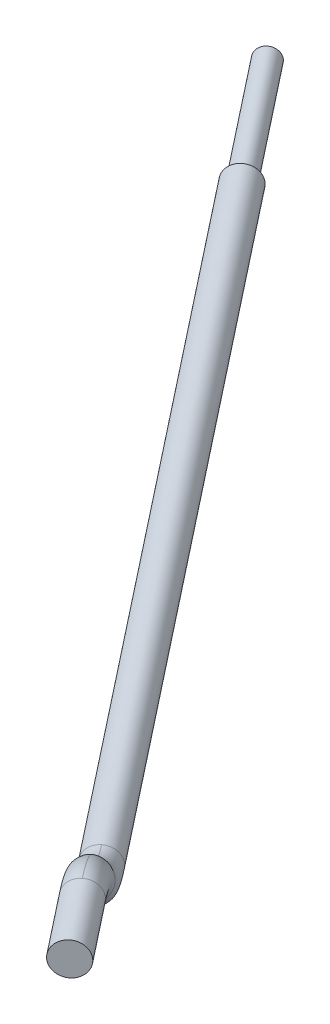
ISO-10303-21;
HEADER;
FILE_DESCRIPTION(('STEP AP214'),'2;1');
FILE_NAME('part.step','',(''),(''),'','','');
FILE_SCHEMA(('AUTOMOTIVE_DESIGN { 1 0 10303 214 1 1 1 1 }'));
ENDSEC;
DATA;
#1=APPLICATION_CONTEXT('core data for automotive mechanical design processes');
#2=APPLICATION_PROTOCOL_DEFINITION('international standard','automotive_design',2000,#1);
#3=PRODUCT_CONTEXT('',#1,'mechanical');
#4=PRODUCT('Part','Part','',(#3));
#5=PRODUCT_RELATED_PRODUCT_CATEGORY('part','',(#4));
#6=PRODUCT_DEFINITION_FORMATION('','',#4);
#7=PRODUCT_DEFINITION_CONTEXT('part definition',#1,'design');
#8=PRODUCT_DEFINITION('design','',#6,#7);
#9=PRODUCT_DEFINITION_SHAPE('','',#8);
#10=(LENGTH_UNIT() NAMED_UNIT(*) SI_UNIT(.MILLI.,.METRE.));
#11=(NAMED_UNIT(*) PLANE_ANGLE_UNIT() SI_UNIT($,.RADIAN.));
#12=(NAMED_UNIT(*) SI_UNIT($,.STERADIAN.) SOLID_ANGLE_UNIT());
#13=UNCERTAINTY_MEASURE_WITH_UNIT(LENGTH_MEASURE(1.E-05),#10,'distance_accuracy_value','');
#14=(GEOMETRIC_REPRESENTATION_CONTEXT(3) GLOBAL_UNCERTAINTY_ASSIGNED_CONTEXT((#13)) GLOBAL_UNIT_ASSIGNED_CONTEXT((#10,
#11,#12)) REPRESENTATION_CONTEXT('',''));
#15=CARTESIAN_POINT('',(0.,0.,0.));
#16=DIRECTION('',(0.,0.,1.));
#17=DIRECTION('',(1.,0.,0.));
#18=AXIS2_PLACEMENT_3D('',#15,#16,#17);
#19=CARTESIAN_POINT('',(111.992586777966,24.2617264619024,218.0470998851));
#20=DIRECTION('',(-0.618589574131749,0.,-0.78571428571428));
#21=DIRECTION('',(0.,1.,0.));
#22=AXIS2_PLACEMENT_3D('',#19,#20,#21);
#23=PLANE('',#22);
#24=CARTESIAN_POINT('',(111.992586777966,24.2617264619024,218.0470998851));
#25=DIRECTION('',(-0.618589574131749,0.,-0.78571428571428));
#26=DIRECTION('',(-0.78571428571428,0.,0.618589574131749));
#27=AXIS2_PLACEMENT_3D('',#24,#25,#26);
#28=CIRCLE('',#27,0.5715);
#29=CARTESIAN_POINT('',(112.441622492252,24.2617264619024,217.693575943483));
#30=VERTEX_POINT('',#29);
#31=CARTESIAN_POINT('',(111.54355106368,24.2617264619024,218.400623826716));
#32=VERTEX_POINT('',#31);
#33=EDGE_CURVE('E11',#30,#32,#28,.T.);
#34=ORIENTED_EDGE('',*,*,#33,.T.);
#35=CARTESIAN_POINT('',(111.992586777966,24.2617264619024,218.0470998851));
#36=DIRECTION('',(-0.618589574131749,0.,-0.78571428571428));
#37=DIRECTION('',(-0.78571428571428,0.,0.618589574131749));
#38=AXIS2_PLACEMENT_3D('',#35,#36,#37);
#39=CIRCLE('',#38,0.5715);
#40=EDGE_CURVE('E158',#32,#30,#39,.T.);
#41=ORIENTED_EDGE('',*,*,#40,.T.);
#42=EDGE_LOOP('',(#34,#41));
#43=FACE_BOUND('',#42,.T.);
#44=ADVANCED_FACE('F42',(#43),#23,.T.);
#45=CARTESIAN_POINT('',(111.992586777966,24.2617264619024,218.0470998851));
#46=DIRECTION('',(0.618589574131749,0.,0.78571428571428));
#47=DIRECTION('',(0.78571428571428,0.,-0.618589574131749));
#48=AXIS2_PLACEMENT_3D('',#45,#46,#47);
#49=CYLINDRICAL_SURFACE('',#48,0.5715);
#50=DIRECTION('',(0.618589574131749,0.,0.78571428571428));
#51=VECTOR('',#50,1.);
#52=CARTESIAN_POINT('',(111.54355106368,24.2617264619024,218.400623826716));
#53=LINE('',#52,#51);
#54=CARTESIAN_POINT('',(116.257203618564,24.2617264619024,224.387766683859));
#55=VERTEX_POINT('',#54);
#56=EDGE_CURVE('E152',#32,#55,#53,.T.);
#57=ORIENTED_EDGE('',*,*,#56,.F.);
#58=ORIENTED_EDGE('',*,*,#33,.F.);
#59=DIRECTION('',(0.618589574131749,0.,0.78571428571428));
#60=VECTOR('',#59,1.);
#61=CARTESIAN_POINT('',(112.441622492252,24.2617264619024,217.693575943483));
#62=LINE('',#61,#60);
#63=CARTESIAN_POINT('',(117.155275047136,24.2617264619024,223.680718800626));
#64=VERTEX_POINT('',#63);
#65=EDGE_CURVE('E143',#30,#64,#62,.T.);
#66=ORIENTED_EDGE('',*,*,#65,.T.);
#67=CARTESIAN_POINT('',(116.70623933285,24.2617264619024,224.034242742243));
#68=DIRECTION('',(-0.618589574131749,0.,-0.78571428571428));
#69=DIRECTION('',(-0.78571428571428,0.,0.618589574131749));
#70=AXIS2_PLACEMENT_3D('',#67,#68,#69);
#71=CIRCLE('',#70,0.5715);
#72=EDGE_CURVE('E53',#64,#55,#71,.T.);
#73=ORIENTED_EDGE('',*,*,#72,.T.);
#74=EDGE_LOOP('',(#57,#58,#66,#73));
#75=FACE_BOUND('',#74,.T.);
#76=ADVANCED_FACE('F144',(#75),#49,.T.);
#77=CARTESIAN_POINT('',(148.680515830146,26.8453,264.647028456528));
#78=DIRECTION('',(-0.618589574131749,0.,-0.78571428571428));
#79=DIRECTION('',(0.,1.,0.));
#80=AXIS2_PLACEMENT_3D('',#77,#78,#79);
#81=PLANE('',#80);
#82=CARTESIAN_POINT('',(148.680515830146,26.8453,264.647028456528));
#83=DIRECTION('',(-0.618589574131749,0.,-0.78571428571428));
#84=DIRECTION('',(-0.78571428571428,0.,0.618589574131749));
#85=AXIS2_PLACEMENT_3D('',#82,#83,#84);
#86=CIRCLE('',#85,0.8255);
#87=CARTESIAN_POINT('',(148.031908687289,26.8453,265.157674149974));
#88=VERTEX_POINT('',#87);
#89=CARTESIAN_POINT('',(149.329122973003,26.8453,264.136382763082));
#90=VERTEX_POINT('',#89);
#91=EDGE_CURVE('E233',#88,#90,#86,.T.);
#92=ORIENTED_EDGE('',*,*,#91,.F.);
#93=CARTESIAN_POINT('',(148.680515830146,26.8453,264.647028456528));
#94=DIRECTION('',(-0.618589574131749,0.,-0.78571428571428));
#95=DIRECTION('',(-0.78571428571428,0.,0.618589574131749));
#96=AXIS2_PLACEMENT_3D('',#93,#94,#95);
#97=CIRCLE('',#96,0.8255);
#98=EDGE_CURVE('E140',#90,#88,#97,.T.);
#99=ORIENTED_EDGE('',*,*,#98,.F.);
#100=EDGE_LOOP('',(#92,#99));
#101=FACE_BOUND('',#100,.T.);
#102=ADVANCED_FACE('F256',(#101),#81,.F.);
#103=CARTESIAN_POINT('',(116.70623933285,24.2617264619024,224.034242742243));
#104=DIRECTION('',(-0.618589574131749,0.,-0.78571428571428));
#105=DIRECTION('',(0.,1.,0.));
#106=AXIS2_PLACEMENT_3D('',#103,#104,#105);
#107=PLANE('',#106);
#108=ORIENTED_EDGE('',*,*,#72,.F.);
#109=CARTESIAN_POINT('',(116.70623933285,24.2617264619024,224.034242742243));
#110=DIRECTION('',(-0.618589574131749,0.,-0.78571428571428));
#111=DIRECTION('',(-0.78571428571428,0.,0.618589574131749));
#112=AXIS2_PLACEMENT_3D('',#109,#110,#111);
#113=CIRCLE('',#112,0.5715);
#114=EDGE_CURVE('E135',#55,#64,#113,.T.);
#115=ORIENTED_EDGE('',*,*,#114,.F.);
#116=EDGE_LOOP('',(#108,#115));
#117=FACE_BOUND('',#116,.T.);
#118=CARTESIAN_POINT('',(116.70623933285,24.2617264619024,224.034242742243));
#119=DIRECTION('',(-0.618589574131749,0.,-0.78571428571428));
#120=DIRECTION('',(-0.78571428571428,0.,0.618589574131749));
#121=AXIS2_PLACEMENT_3D('',#118,#119,#120);
#122=CIRCLE('',#121,0.8255);
#123=CARTESIAN_POINT('',(116.057632189993,24.2617264619024,224.544888435688));
#124=VERTEX_POINT('',#123);
#125=CARTESIAN_POINT('',(117.354846475707,24.2617264619024,223.523597048797));
#126=VERTEX_POINT('',#125);
#127=EDGE_CURVE('E167',#124,#126,#122,.T.);
#128=ORIENTED_EDGE('',*,*,#127,.T.);
#129=CARTESIAN_POINT('',(116.70623933285,24.2617264619024,224.034242742243));
#130=DIRECTION('',(-0.618589574131749,0.,-0.78571428571428));
#131=DIRECTION('',(-0.78571428571428,0.,0.618589574131749));
#132=AXIS2_PLACEMENT_3D('',#129,#130,#131);
#133=CIRCLE('',#132,0.8255);
#134=EDGE_CURVE('E203',#126,#124,#133,.T.);
#135=ORIENTED_EDGE('',*,*,#134,.T.);
#136=EDGE_LOOP('',(#128,#135));
#137=FACE_BOUND('',#136,.T.);
#138=ADVANCED_FACE('F132',(#117,#137),#107,.T.);
#139=CARTESIAN_POINT('',(148.680515830146,26.8453,264.647028456528));
#140=DIRECTION('',(-0.618589574131749,0.,-0.78571428571428));
#141=DIRECTION('',(-0.78571428571428,0.,0.618589574131749));
#142=AXIS2_PLACEMENT_3D('',#139,#140,#141);
#143=CYLINDRICAL_SURFACE('',#142,0.8255);
#144=DIRECTION('',(-0.618589574131749,0.,-0.78571428571428));
#145=VECTOR('',#144,1.);
#146=CARTESIAN_POINT('',(149.329122973003,26.8453,264.136382763082));
#147=LINE('',#146,#145);
#148=CARTESIAN_POINT('',(146.972296695561,26.8453,261.142811334511));
#149=VERTEX_POINT('',#148);
#150=EDGE_CURVE('E46',#90,#149,#147,.T.);
#151=ORIENTED_EDGE('',*,*,#150,.F.);
#152=ORIENTED_EDGE('',*,*,#98,.T.);
#153=DIRECTION('',(-0.618589574131749,0.,-0.78571428571428));
#154=VECTOR('',#153,1.);
#155=CARTESIAN_POINT('',(148.031908687289,26.8453,265.157674149974));
#156=LINE('',#155,#154);
#157=CARTESIAN_POINT('',(145.675082409847,26.8453,262.164102721402));
#158=VERTEX_POINT('',#157);
#159=EDGE_CURVE('E169',#88,#158,#156,.T.);
#160=ORIENTED_EDGE('',*,*,#159,.T.);
#161=CARTESIAN_POINT('',(146.323689552704,26.8453,261.653457027957));
#162=DIRECTION('',(-0.618589574131749,0.,-0.78571428571428));
#163=DIRECTION('',(-0.78571428571428,0.,0.618589574131749));
#164=AXIS2_PLACEMENT_3D('',#161,#162,#163);
#165=CIRCLE('',#164,0.8255);
#166=CARTESIAN_POINT('',(146.323689552704,26.0198,261.653457027957));
#167=VERTEX_POINT('',#166);
#168=EDGE_CURVE('E236',#167,#158,#165,.T.);
#169=ORIENTED_EDGE('',*,*,#168,.F.);
#170=CARTESIAN_POINT('',(146.323689552704,26.8453,261.653457027957));
#171=DIRECTION('',(-0.618589574131749,0.,-0.78571428571428));
#172=DIRECTION('',(-0.78571428571428,0.,0.618589574131749));
#173=AXIS2_PLACEMENT_3D('',#170,#171,#172);
#174=CIRCLE('',#173,0.8255);
#175=EDGE_CURVE('E65',#149,#167,#174,.T.);
#176=ORIENTED_EDGE('',*,*,#175,.F.);
#177=EDGE_LOOP('',(#151,#152,#160,#169,#176));
#178=FACE_BOUND('',#177,.T.);
#179=ADVANCED_FACE('F254',(#178),#143,.T.);
#180=CARTESIAN_POINT('',(146.323689552704,22.9893217548211,261.653457027957));
#181=DIRECTION('',(-0.78571428571428,0.,0.618589574131749));
#182=DIRECTION('',(0.618589574131749,0.,0.78571428571428));
#183=AXIS2_PLACEMENT_3D('',#180,#181,#182);
#184=TOROIDAL_SURFACE('',#183,3.85597824517889,0.8255);
#185=CARTESIAN_POINT('',(146.323689552704,22.9893217548211,261.653457027957));
#186=DIRECTION('',(-0.78571428571428,0.,0.618589574131749));
#187=DIRECTION('',(0.618589574131749,0.,0.78571428571428));
#188=AXIS2_PLACEMENT_3D('',#185,#186,#187);
#189=CIRCLE('',#188,4.68147824517889);
#190=CARTESIAN_POINT('',(146.323689552704,27.6708,261.653457027957));
#191=VERTEX_POINT('',#190);
#192=CARTESIAN_POINT('',(144.1608729183,26.1024634399395,258.906310942579));
#193=VERTEX_POINT('',#192);
#194=EDGE_CURVE('E188',#191,#193,#189,.T.);
#195=ORIENTED_EDGE('',*,*,#194,.F.);
#196=CARTESIAN_POINT('',(146.323689552704,26.8453,261.653457027957));
#197=DIRECTION('',(-0.618589574131749,0.,-0.78571428571428));
#198=DIRECTION('',(-0.78571428571428,0.,0.618589574131749));
#199=AXIS2_PLACEMENT_3D('',#196,#197,#198);
#200=CIRCLE('',#199,0.8255);
#201=EDGE_CURVE('E173',#191,#149,#200,.T.);
#202=ORIENTED_EDGE('',*,*,#201,.T.);
#203=ORIENTED_EDGE('',*,*,#175,.T.);
#204=CARTESIAN_POINT('',(146.323689552704,22.9893217548211,261.653457027957));
#205=DIRECTION('',(-0.78571428571428,0.,0.618589574131749));
#206=DIRECTION('',(0.618589574131749,0.,0.78571428571428));
#207=AXIS2_PLACEMENT_3D('',#204,#205,#206);
#208=CIRCLE('',#207,3.03047824517889);
#209=CARTESIAN_POINT('',(144.923625637931,25.0045630219629,259.875137016187));
#210=VERTEX_POINT('',#209);
#211=EDGE_CURVE('E240',#167,#210,#208,.T.);
#212=ORIENTED_EDGE('',*,*,#211,.T.);
#213=CARTESIAN_POINT('',(144.542249278115,25.5535132309512,259.390723979383));
#214=DIRECTION('',(-0.411356603267868,-0.746851221326742,-0.522493060385184));
#215=DIRECTION('',(-0.78571428571428,0.,0.618589574131749));
#216=AXIS2_PLACEMENT_3D('',#213,#214,#215);
#217=CIRCLE('',#216,0.8255);
#218=EDGE_CURVE('E227',#193,#210,#217,.T.);
#219=ORIENTED_EDGE('',*,*,#218,.F.);
#220=EDGE_LOOP('',(#195,#202,#203,#212,#219));
#221=FACE_BOUND('',#220,.T.);
#222=ADVANCED_FACE('F274',(#221),#184,.T.);
#223=CARTESIAN_POINT('',(142.760809003527,28.1177047070813,257.127990930809));
#224=DIRECTION('',(0.78571428571428,0.,-0.618589574131749));
#225=DIRECTION('',(-0.618589574131749,0.,-0.78571428571428));
#226=AXIS2_PLACEMENT_3D('',#223,#224,#225);
#227=TOROIDAL_SURFACE('',#226,3.85597824517889,0.8255);
#228=CARTESIAN_POINT('',(142.760809003527,28.1177047070813,257.127990930809));
#229=DIRECTION('',(0.78571428571428,0.,-0.618589574131749));
#230=DIRECTION('',(-0.618589574131749,0.,-0.78571428571428));
#231=AXIS2_PLACEMENT_3D('',#228,#229,#230);
#232=CIRCLE('',#231,4.68147824517889);
#233=CARTESIAN_POINT('',(142.760809003527,23.4362264619024,257.127990930809));
#234=VERTEX_POINT('',#233);
#235=EDGE_CURVE('E200',#210,#234,#232,.T.);
#236=ORIENTED_EDGE('',*,*,#235,.F.);
#237=CARTESIAN_POINT('',(144.542249278115,25.5535132309512,259.390723979383));
#238=DIRECTION('',(-0.411356603267868,-0.746851221326742,-0.522493060385184));
#239=DIRECTION('',(-0.78571428571428,0.,0.618589574131749));
#240=AXIS2_PLACEMENT_3D('',#237,#238,#239);
#241=CIRCLE('',#240,0.8255);
#242=EDGE_CURVE('E161',#210,#193,#241,.T.);
#243=ORIENTED_EDGE('',*,*,#242,.T.);
#244=CARTESIAN_POINT('',(142.760809003527,28.1177047070813,257.127990930809));
#245=DIRECTION('',(0.78571428571428,0.,-0.618589574131749));
#246=DIRECTION('',(-0.618589574131749,0.,-0.78571428571428));
#247=AXIS2_PLACEMENT_3D('',#244,#245,#246);
#248=CIRCLE('',#247,3.03047824517889);
#249=CARTESIAN_POINT('',(142.760809003527,25.0872264619024,257.127990930809));
#250=VERTEX_POINT('',#249);
#251=EDGE_CURVE('E175',#193,#250,#248,.T.);
#252=ORIENTED_EDGE('',*,*,#251,.T.);
#253=CARTESIAN_POINT('',(142.760809003527,24.2617264619024,257.127990930809));
#254=DIRECTION('',(-0.618589574131749,0.,-0.78571428571428));
#255=DIRECTION('',(-0.78571428571428,0.,0.618589574131749));
#256=AXIS2_PLACEMENT_3D('',#253,#254,#255);
#257=CIRCLE('',#256,0.8255);
#258=CARTESIAN_POINT('',(142.11220186067,24.2617264619024,257.638636624255));
#259=VERTEX_POINT('',#258);
#260=EDGE_CURVE('E149',#259,#250,#257,.T.);
#261=ORIENTED_EDGE('',*,*,#260,.F.);
#262=CARTESIAN_POINT('',(142.760809003527,24.2617264619024,257.127990930809));
#263=DIRECTION('',(-0.618589574131749,0.,-0.78571428571428));
#264=DIRECTION('',(-0.78571428571428,0.,0.618589574131749));
#265=AXIS2_PLACEMENT_3D('',#262,#263,#264);
#266=CIRCLE('',#265,0.8255);
#267=EDGE_CURVE('E172',#234,#259,#266,.T.);
#268=ORIENTED_EDGE('',*,*,#267,.F.);
#269=EDGE_LOOP('',(#236,#243,#252,#261,#268));
#270=FACE_BOUND('',#269,.T.);
#271=ADVANCED_FACE('F271',(#270),#227,.T.);
#272=CARTESIAN_POINT('',(142.760809003527,24.2617264619024,257.127990930809));
#273=DIRECTION('',(-0.618589574131749,0.,-0.78571428571428));
#274=DIRECTION('',(-0.78571428571428,0.,0.618589574131749));
#275=AXIS2_PLACEMENT_3D('',#272,#273,#274);
#276=CYLINDRICAL_SURFACE('',#275,0.8255);
#277=DIRECTION('',(-0.618589574131749,0.,-0.78571428571428));
#278=VECTOR('',#277,1.);
#279=CARTESIAN_POINT('',(143.409416146384,24.2617264619024,256.617345237363));
#280=LINE('',#279,#278);
#281=CARTESIAN_POINT('',(143.409416146384,24.2617264619024,256.617345237363));
#282=VERTEX_POINT('',#281);
#283=EDGE_CURVE('E164',#282,#126,#280,.T.);
#284=ORIENTED_EDGE('',*,*,#283,.F.);
#285=CARTESIAN_POINT('',(142.760809003527,24.2617264619024,257.127990930809));
#286=DIRECTION('',(-0.618589574131749,0.,-0.78571428571428));
#287=DIRECTION('',(-0.78571428571428,0.,0.618589574131749));
#288=AXIS2_PLACEMENT_3D('',#285,#286,#287);
#289=CIRCLE('',#288,0.8255);
#290=EDGE_CURVE('E192',#282,#234,#289,.T.);
#291=ORIENTED_EDGE('',*,*,#290,.T.);
#292=ORIENTED_EDGE('',*,*,#267,.T.);
#293=DIRECTION('',(-0.618589574131749,0.,-0.78571428571428));
#294=VECTOR('',#293,1.);
#295=CARTESIAN_POINT('',(142.11220186067,24.2617264619024,257.638636624255));
#296=LINE('',#295,#294);
#297=EDGE_CURVE('E220',#259,#124,#296,.T.);
#298=ORIENTED_EDGE('',*,*,#297,.T.);
#299=ORIENTED_EDGE('',*,*,#134,.F.);
#300=EDGE_LOOP('',(#284,#291,#292,#298,#299));
#301=FACE_BOUND('',#300,.T.);
#302=ADVANCED_FACE('F273',(#301),#276,.T.);
#303=CARTESIAN_POINT('',(148.680515830146,26.8453,264.647028456528));
#304=DIRECTION('',(-0.618589574131749,0.,-0.78571428571428));
#305=DIRECTION('',(-0.78571428571428,0.,0.618589574131749));
#306=AXIS2_PLACEMENT_3D('',#303,#304,#305);
#307=CYLINDRICAL_SURFACE('',#306,0.8255);
#308=ORIENTED_EDGE('',*,*,#91,.T.);
#309=ORIENTED_EDGE('',*,*,#150,.T.);
#310=ORIENTED_EDGE('',*,*,#201,.F.);
#311=CARTESIAN_POINT('',(146.323689552704,26.8453,261.653457027957));
#312=DIRECTION('',(-0.618589574131749,0.,-0.78571428571428));
#313=DIRECTION('',(-0.78571428571428,0.,0.618589574131749));
#314=AXIS2_PLACEMENT_3D('',#311,#312,#313);
#315=CIRCLE('',#314,0.8255);
#316=EDGE_CURVE('E178',#158,#191,#315,.T.);
#317=ORIENTED_EDGE('',*,*,#316,.F.);
#318=ORIENTED_EDGE('',*,*,#159,.F.);
#319=EDGE_LOOP('',(#308,#309,#310,#317,#318));
#320=FACE_BOUND('',#319,.T.);
#321=ADVANCED_FACE('F251',(#320),#307,.T.);
#322=CARTESIAN_POINT('',(142.760809003527,24.2617264619024,257.127990930809));
#323=DIRECTION('',(-0.618589574131749,0.,-0.78571428571428));
#324=DIRECTION('',(-0.78571428571428,0.,0.618589574131749));
#325=AXIS2_PLACEMENT_3D('',#322,#323,#324);
#326=CYLINDRICAL_SURFACE('',#325,0.8255);
#327=ORIENTED_EDGE('',*,*,#260,.T.);
#328=CARTESIAN_POINT('',(142.760809003527,24.2617264619024,257.127990930809));
#329=DIRECTION('',(-0.618589574131749,0.,-0.78571428571428));
#330=DIRECTION('',(-0.78571428571428,0.,0.618589574131749));
#331=AXIS2_PLACEMENT_3D('',#328,#329,#330);
#332=CIRCLE('',#331,0.8255);
#333=EDGE_CURVE('E179',#250,#282,#332,.T.);
#334=ORIENTED_EDGE('',*,*,#333,.T.);
#335=ORIENTED_EDGE('',*,*,#283,.T.);
#336=ORIENTED_EDGE('',*,*,#127,.F.);
#337=ORIENTED_EDGE('',*,*,#297,.F.);
#338=EDGE_LOOP('',(#327,#334,#335,#336,#337));
#339=FACE_BOUND('',#338,.T.);
#340=ADVANCED_FACE('F298',(#339),#326,.T.);
#341=CARTESIAN_POINT('',(111.992586777966,24.2617264619024,218.0470998851));
#342=DIRECTION('',(0.618589574131749,0.,0.78571428571428));
#343=DIRECTION('',(0.78571428571428,0.,-0.618589574131749));
#344=AXIS2_PLACEMENT_3D('',#341,#342,#343);
#345=CYLINDRICAL_SURFACE('',#344,0.5715);
#346=ORIENTED_EDGE('',*,*,#40,.F.);
#347=ORIENTED_EDGE('',*,*,#56,.T.);
#348=ORIENTED_EDGE('',*,*,#114,.T.);
#349=ORIENTED_EDGE('',*,*,#65,.F.);
#350=EDGE_LOOP('',(#346,#347,#348,#349));
#351=FACE_BOUND('',#350,.T.);
#352=ADVANCED_FACE('F151',(#351),#345,.T.);
#353=CARTESIAN_POINT('',(146.323689552704,22.9893217548211,261.653457027957));
#354=DIRECTION('',(-0.78571428571428,0.,0.618589574131749));
#355=DIRECTION('',(0.618589574131749,0.,0.78571428571428));
#356=AXIS2_PLACEMENT_3D('',#353,#354,#355);
#357=TOROIDAL_SURFACE('',#356,3.85597824517889,0.8255);
#358=ORIENTED_EDGE('',*,*,#316,.T.);
#359=ORIENTED_EDGE('',*,*,#194,.T.);
#360=ORIENTED_EDGE('',*,*,#242,.F.);
#361=ORIENTED_EDGE('',*,*,#211,.F.);
#362=ORIENTED_EDGE('',*,*,#168,.T.);
#363=EDGE_LOOP('',(#358,#359,#360,#361,#362));
#364=FACE_BOUND('',#363,.T.);
#365=ADVANCED_FACE('F44',(#364),#357,.T.);
#366=CARTESIAN_POINT('',(142.760809003527,28.1177047070813,257.127990930809));
#367=DIRECTION('',(0.78571428571428,0.,-0.618589574131749));
#368=DIRECTION('',(-0.618589574131749,0.,-0.78571428571428));
#369=AXIS2_PLACEMENT_3D('',#366,#367,#368);
#370=TOROIDAL_SURFACE('',#369,3.85597824517889,0.8255);
#371=ORIENTED_EDGE('',*,*,#218,.T.);
#372=ORIENTED_EDGE('',*,*,#235,.T.);
#373=ORIENTED_EDGE('',*,*,#290,.F.);
#374=ORIENTED_EDGE('',*,*,#333,.F.);
#375=ORIENTED_EDGE('',*,*,#251,.F.);
#376=EDGE_LOOP('',(#371,#372,#373,#374,#375));
#377=FACE_BOUND('',#376,.T.);
#378=ADVANCED_FACE('F286',(#377),#370,.T.);
#379=CLOSED_SHELL('',(#44,#76,#102,#138,#179,#222,#271,#302,#321,#340,#352,#365,#378));
#380=MANIFOLD_SOLID_BREP('B2',#379);
#381=ADVANCED_BREP_SHAPE_REPRESENTATION('',(#18,#380),#14);
#382=SHAPE_DEFINITION_REPRESENTATION(#9,#381);
ENDSEC;
END-ISO-10303-21;
++++++
■ **The task**: The reply should consist solely of the lines above from the one that has "#296=LINE('',#295,#294);" through the one that has "#306=AXIS2_PLACEMENT_3D('',#303,#304,#305);", reproduced exactly.

■ **Exercise answer**:
#296=LINE('',#295,#294);
#297=EDGE_CURVE('E220',#259,#124,#296,.T.);
#298=ORIENTED_EDGE('',*,*,#297,.T.);
#299=ORIENTED_EDGE('',*,*,#134,.F.);
#300=EDGE_LOOP('',(#284,#291,#292,#298,#299));
#301=FACE_BOUND('',#300,.T.);
#302=ADVANCED_FACE('F273',(#301),#276,.T.);
#303=CARTESIAN_POINT('',(148.680515830146,26.8453,264.647028456528));
#304=DIRECTION('',(-0.618589574131749,0.,-0.78571428571428));
#305=DIRECTION('',(-0.78571428571428,0.,0.618589574131749));
#306=AXIS2_PLACEMENT_3D('',#303,#304,#305);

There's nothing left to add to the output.